Inclusive school development must be viewed from the perspective of the needs of pupils with impaired emotional and social development. Against this background, it is the task of special education to support mainstream schools in the development of support competences and to strengthen their social integration power and support potential within a resource-oriented approach in the school education system. Within this framework, important goals must be defined: on the one hand, strengthening pupils' coping skills in dealing with risky life situations and, on the other hand, creating support conditions at school that enable healthy development with few disruptions.

 

Mission

The team's mission in school and extracurricular training is not only to provide students with in-depth specialist knowledge and to develop and expand their skills, but also to enable them to transfer theory to practice in subsequent training phases and fields of activity. The focus here is on imparting comprehensive specialist knowledge of special educational activities in the various practical fields of school and extracurricular organisational forms of the tiered system of special educational support and aims to acquire professional field-related skills at an early stage and to develop a professionalisation profile with an individual focus based on profound methodological, personal and social skills.

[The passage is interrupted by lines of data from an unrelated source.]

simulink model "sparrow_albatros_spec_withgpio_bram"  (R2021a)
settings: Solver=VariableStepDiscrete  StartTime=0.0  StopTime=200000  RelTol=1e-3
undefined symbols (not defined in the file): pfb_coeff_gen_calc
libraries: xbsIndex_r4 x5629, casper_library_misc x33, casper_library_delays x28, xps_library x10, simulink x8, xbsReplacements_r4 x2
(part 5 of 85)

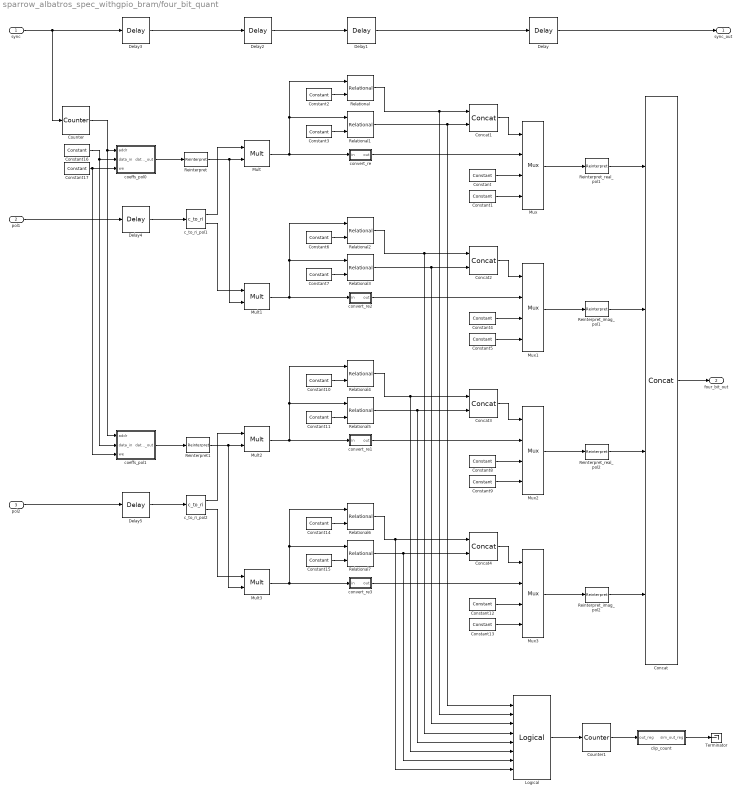
== system sparrow_albatros_spec_withgpio_bram/four_bit_quant ==
  sync : Inport
  pol1 : Inport  Port=2
  pol2 : Inport  Port=3
  Concat : xbsIndex_r4/Concat  num_inputs=4  dbl_ovrd=off  block_type=concat
  Concat{1..4} (4 alike) : xbsIndex_r4/Concat  num_inputs=2  dbl_ovrd=off  block_type=concat
  Constant{,4,8,12} (4 alike) : xbsIndex_r4/Constant  const=7/8  gui_display_data_type=Fixed-point  arith_type=Signed (2's comp)  n_bits=4  bin_pt=3  preci_type=Single  exp_width=8  frac_width=24  explicit_period=on  period=1  equ=P=C  opselect=C  inp2=PCIN>>17  opr=+  inp1=P  carry=CIN  dbl_ovrd=off  block_type=constant
  Constant{1,5,9,13} (4 alike) : xbsIndex_r4/Constant  const=-7/8  gui_display_data_type=Fixed-point  arith_type=Signed (2's comp)  n_bits=4  bin_pt=3  preci_type=Single  exp_width=8  frac_width=24  explicit_period=on  period=1  equ=P=C  opselect=C  inp2=PCIN>>17  opr=+  inp1=P  carry=CIN  dbl_ovrd=off  block_type=constant
  Constant{2,6,10,14} (4 alike) : xbsIndex_r4/Constant  const=-7/8  gui_display_data_type=Fixed-point  arith_type=Signed (2's comp)  n_bits=18  bin_pt=17  preci_type=Single  exp_width=8  frac_width=24  explicit_period=on  period=1  equ=P=C  opselect=C  inp2=PCIN>>17  opr=+  inp1=P  carry=CIN  dbl_ovrd=off  block_type=constant
  Constant{3,7,11,15} (4 alike) : xbsIndex_r4/Constant  const=7/8  gui_display_data_type=Fixed-point  arith_type=Signed (2's comp)  n_bits=18  bin_pt=17  preci_type=Single  exp_width=8  frac_width=24  explicit_period=on  period=1  equ=P=C  opselect=C  inp2=PCIN>>17  opr=+  inp1=P  carry=CIN  dbl_ovrd=off  block_type=constant
  Constant16 : xbsIndex_r4/Constant  const=0  gui_display_data_type=Fixed-point  arith_type=Signed (2's comp)  n_bits=32  bin_pt=0  preci_type=Single  exp_width=8  frac_width=24  explicit_period=on  period=1  equ=P=C  opselect=C  inp2=PCIN>>17  opr=+  inp1=P  carry=CIN  dbl_ovrd=off  block_type=constant
  Constant17 : xbsIndex_r4/Constant  const=0  gui_display_data_type=Boolean  arith_type=Boolean  n_bits=16  bin_pt=14  preci_type=Single  exp_width=8  frac_width=24  explicit_period=on  period=1  equ=P=C  opselect=C  inp2=PCIN>>17  opr=+  inp1=P  carry=CIN  dbl_ovrd=off  block_type=constant
  Counter : xbsIndex_r4/Counter  cnt_type=Free Running  cnt_to=50  operation=Up  start_count=0  cnt_by_val=1  arith_type=Unsigned  n_bits=11  bin_pt=0  load_pin=off  rst=on  en=off  explicit_period=on  period=1  use_behavioral_HDL=off  implementation=Fabric  dbl_ovrd=off  block_type=counter
  Counter1 : xbsIndex_r4/Counter  cnt_type=Free Running  cnt_to=Inf  operation=Up  start_count=0  cnt_by_val=1  arith_type=Unsigned  n_bits=32  bin_pt=0  load_pin=off  rst=off  en=on  explicit_period=on  period=1  use_behavioral_HDL=off  implementation=Fabric  dbl_ovrd=off  block_type=counter
  Delay{,3..5} (4 alike) : xbsIndex_r4/Delay  rst=off  infoeditControl=Selection of Reset will increase slice count due to use of real FFs and instead of SRLs  en=off  latency=1  reg_retiming=off  dbl_ovrd=off  block_type=delay
  Delay1 : xbsIndex_r4/Delay  rst=off  infoeditControl=Selection of Reset will increase slice count due to use of real FFs and instead of SRLs  en=off  latency=2  reg_retiming=off  dbl_ovrd=off  block_type=delay
  Delay2 : xbsIndex_r4/Delay  rst=off  infoeditControl=Selection of Reset will increase slice count due to use of real FFs and instead of SRLs  en=off  latency=3  reg_retiming=off  dbl_ovrd=off  block_type=delay
  Logical : xbsIndex_r4/Logical  logical_function=OR  inputs=8  en=off  latency=1  precision=Full  arith_type=Unsigned  n_bits=16  bin_pt=0  align_bp=on  dbl_ovrd=off  block_type=logical
  Mult{,1..3} (4 alike) : xbsIndex_r4/Mult  precision=Full  arith_type="Signed  (2's comp)"  n_bits=16  bin_pt=14  quantization=Truncate  overflow=Wrap  en=off  latency=3  use_behavioral_HDL=off  opt=Speed  use_embedded=on  optimum_pipeline=off  pipeline=on  dbl_ovrd=off  use_rpm=on  placement_style=Triangular  block_type=mult
  Mux{,1..3} (4 alike) : xbsIndex_r4/Mux  inputs=3  en=off  latency=1  precision=Full  arith_type=Unsigned  n_bits=16  bin_pt=14  quantization=Truncate  overflow=Wrap  dbl_ovrd=off  block_type=mux
  Reinterpret : xbsIndex_r4/Reinterpret  force_arith_type=on  arith_type="Signed  (2's comp)"  force_bin_pt=on  bin_pt=15  block_type=reinterpret
  Reinterpret1 : xbsIndex_r4/Reinterpret  force_arith_type=on  arith_type="Signed  (2's comp)"  force_bin_pt=on  bin_pt=15  block_type=reinterpret
  Reinterpret_imag_pol1 : xbsIndex_r4/Reinterpret  force_arith_type=on  arith_type=Unsigned  force_bin_pt=on  bin_pt=0  block_type=reinterpret
  Reinterpret_imag_pol2 : xbsIndex_r4/Reinterpret  force_arith_type=on  arith_type=Unsigned  force_bin_pt=on  bin_pt=0  block_type=reinterpret
  Reinterpret_real_pol1 : xbsIndex_r4/Reinterpret  force_arith_type=on  arith_type=Unsigned  force_bin_pt=on  bin_pt=0  block_type=reinterpret
  Reinterpret_real_pol2 : xbsIndex_r4/Reinterpret  force_arith_type=on  arith_type=Unsigned  force_bin_pt=on  bin_pt=0  block_type=reinterpret
  Relational{,2,4,6} (4 alike) : xbsIndex_r4/Relational  mode=a<b  op_type=Bool  en=off  latency=2  dbl_ovrd=off  block_type=relational
  Relational{1,3,5,7} (4 alike) : xbsIndex_r4/Relational  mode=a>b  op_type=Bool  en=off  latency=2  dbl_ovrd=off  block_type=relational
  Terminator : Terminator
  c_to_ri_pol1 : casper_library_misc/c_to_ri  n_bits=24  bin_pt=23
      settings: AttributesFormatString=24_23 r/i  SourceProductName=CASPER DSP Blockset
  c_to_ri_pol2 : casper_library_misc/c_to_ri  n_bits=24  bin_pt=23
      settings: AttributesFormatString=24_23 r/i  SourceProductName=CASPER DSP Blockset
  clip_count : Subsystem  Tag=xps:sw_reg  AncestorBlock=xps_library/Memory/software_register  mask(swreg){io_dir=To Processor, io_delay=0, init_val=0, sample_period=1, names=reg, bitwidths=32, bin_pts=0, arith_types=0, sim_port=on, show_format=on}
      mask prompts: io_dir "I/O direction"; io_delay "I/O delay"; init_val "Initial Value"; sample_period "Sample period"; names "Bitfield names [msb...lsb]"; bitwidths "Bitfield widths"; bin_pts "Bitfield binary pts"; arith_types "Bitfield types, ufix=0, fix=1, bool=2"; sim_port "Provide sim input/output?"; show_format "Print format string?"
      mask help: A 32-bit software-accessible register. Can be divided into bitfields of varying widths and types using the fields in the block mask.
      mask init:
      | swreg_init(gcb)
      settings: AttributesFormatString=1output:uf32.0 = 32 bits
      mask TypeOptions io_dir: To Processor | From Processor
      mask Callback io_dir:
      | mask_enables = get_param(gcb, 'MaskEnables');
      | mask_names = get_param(gcb, 'MaskNames');
      | if strcmp(get_param(gcb, 'io_dir'), 'To Processor'),
      |     mask_enables{ismember(mask_names, 'sample_period')} = 'off';
      | else
      |     mask_enables{ismember(mask_names, 'sample_period')} = 'on';
      | end
      | set_param(gcb, 'MaskEnables', mask_enables);
      mask DialogControl ParameterTabVar0 Prompt: Setup
  coeffs_pol0 : Subsystem  Tag=xps:bram  AncestorBlock=xps_library/Memory/shared_bram  mask{arith_type=Unsigned, addr_width=11, data_width=32, reg_prim_output=off, reg_core_output=off, optimization=Minimum_Area, data_bin_pt=0, init_vals=ones(1,2048)*(2^31), sample_rate=1}
      mask prompts: arith_type "Output Data Type"; addr_width "Address width"; data_width "Data Width"; reg_prim_output "Register Primitive Output"; reg_core_output "Register Core Output"; data_bin_pt "Data Binary Point"; init_vals "Initial values (simulation only)"; sample_rate "Sample rate"
      mask init:
      | shared_bram_mask;
      mask TypeOptions arith_type: Unsigned | Signed  (2's comp)
      mask TypeOptions data_width: 8 | 16 | 32 | 64 | 128
      mask TypeOptions optimization: Minimum_Area | Low_Power
  coeffs_pol1 : Subsystem  Tag=xps:bram  AncestorBlock=xps_library/Memory/shared_bram  mask{arith_type=Unsigned, addr_width=11, data_width=32, reg_prim_output=off, reg_core_output=off, optimization=Minimum_Area, data_bin_pt=0, init_vals=ones(1,2048)*(2^31), sample_rate=1}
      mask prompts: arith_type "Output Data Type"; addr_width "Address width"; data_width "Data Width"; reg_prim_output "Register Primitive Output"; reg_core_output "Register Core Output"; data_bin_pt "Data Binary Point"; init_vals "Initial values (simulation only)"; sample_rate "Sample rate"
      mask init:
      | shared_bram_mask;
      mask TypeOptions arith_type: Unsigned | Signed  (2's comp)
      mask TypeOptions data_width: 8 | 16 | 32 | 64 | 128
      mask TypeOptions optimization: Minimum_Area | Low_Power
  convert_re : Subsystem  AncestorBlock=casper_library_misc/convert  mask(convert){bin_pt_in=38, n_bits_out=4, bin_pt_out=3, quantization=Round  (unbiased: Even Values), overflow=Wrap, csp_latency=2}
      mask prompts: bin_pt_in "Binary Point In"; n_bits_out "Bit Width Out"; bin_pt_out "Binary Point Out"; csp_latency "Latency"
      mask help:
      | Convert input value to the specified bit width and precision.
      |
      | Does not support upscaling number of fractional bits (eg 8_5 to 8_4 is ok, but not 8_4 to 8_5).
      mask init:
      | convert_init(gcb, ...
      |     'bin_pt_in',bin_pt_in, ...
      |     'n_bits_out',n_bits_out,...
      |     'bin_pt_out',bin_pt_out, ...
      |     'quantization',quantization,...
      |     'overflow',overflow,...
      |     'csp_latency',csp_latency);
      settings: AttributesFormatString=|
      | N_38 ==> 4_3
      | round even, wrap
      | latency = 2
      mask Help:
      | <pre>
      | Description::
      | 
      | Outputs converted version of the input.
      | 
      | Mask Parameters::
      | 
      | Binary Point In (bin_pt_in): Specifies the binary point location in the input.
      | 
      | Bit Width Out (n_bits_out): Specifies the width of the output.
      | 
      | Binary Point Out (bin_pt_out): Specifies the binary point location in the output.
      | 
      | Quantization (quantization): Specifies quantization handling.
      | 
      | Overflow (overflow): Specifies overflow handling.
      | 
      | Latency (latency): Specifies the latency of the underlying adder block, which is the overall
      | latency of this block as well.
      | </pre>
      mask TypeOptions quantization: Truncate | Round  (unbiased: +/- Inf) | Round  (unbiased: Even Values) | Round  (unbiased: Zero) | Round  (unbiased: Odd Values) | Round  (biased: Up) | Round  (biased: Down)
      mask TypeOptions overflow: Wrap | Saturate | Error
  convert_re1 : Subsystem  AncestorBlock=casper_library_misc/convert  mask(convert){bin_pt_in=38, n_bits_out=4, bin_pt_out=3, quantization=Round  (unbiased: Even Values), overflow=Wrap, csp_latency=2}
      mask prompts: bin_pt_in "Binary Point In"; n_bits_out "Bit Width Out"; bin_pt_out "Binary Point Out"; csp_latency "Latency"
      mask help:
      | Convert input value to the specified bit width and precision.
      |
      | Does not support upscaling number of fractional bits (eg 8_5 to 8_4 is ok, but not 8_4 to 8_5).
      mask init: same as sparrow_albatros_spec_withgpio_bram/four_bit_quant/convert_re
      settings: AttributesFormatString=|
      | N_38 ==> 4_3
      | round even, wrap
      | latency = 2
      mask Help:
      | <pre>
      | Description::
      | 
      | Outputs converted version of the input.
      | 
      | Mask Parameters::
      | 
      | Binary Point In (bin_pt_in): Specifies the binary point location in the input.
      | 
      | Bit Width Out (n_bits_out): Specifies the width of the output.
      | 
      | Binary Point Out (bin_pt_out): Specifies the binary point location in the output.
      | 
      | Quantization (quantization): Specifies quantization handling.
      | 
      | Overflow (overflow): Specifies overflow handling.
      | 
      | Latency (latency): Specifies the latency of the underlying adder block, which is the overall
      | latency of this block as well.
      | </pre>
      mask TypeOptions quantization: Truncate | Round  (unbiased: +/- Inf) | Round  (unbiased: Even Values) | Round  (unbiased: Zero) | Round  (unbiased: Odd Values) | Round  (biased: Up) | Round  (biased: Down)
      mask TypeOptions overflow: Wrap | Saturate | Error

The degree programme at the interface of science and practice allows students to be prepared in such a way that they are qualified to independently plan, implement and critically reflect on educational processes such as diagnostics, support and counselling on the basis of a professional attitude and with a multi-perspective approach. A humanistic approach to values is particularly important in the field of special needs education. Against this background, it is a central concern to initiate the development of a professional attitude in the course of training.

 

Teaching & research

Goals & building blocks of a successful training programme

The primary goal for our view of successful training is to impart specialised expertise in special needs education to our students in order to train them to become theory-reflective special needs teachers with a broad range of skills.

This is based on various pillars:

  • Promotion and formation of a basic (special educational) attitude and a critical-constructive perspective
  • Relevant competences in the field of action of the ESE specialisation
  • Theory-based thinking and linking theoretical and empirical approaches
  • Application references in relation to the practical field of ESE

 

Research

The multidimensionality and multi-perspectivity of the target group and fields of action require a broad empirical research profile. This includes basic research in the sense of an approach based on the individual or an institution, school development research, especially in an inclusive setting, as well as evidence-based research relating to diagnostics, prevention and intervention. Theoretically and empirically based research methods are used to tackle pressing problems in the subject area and develop solutions to enable participation and prevent dropout.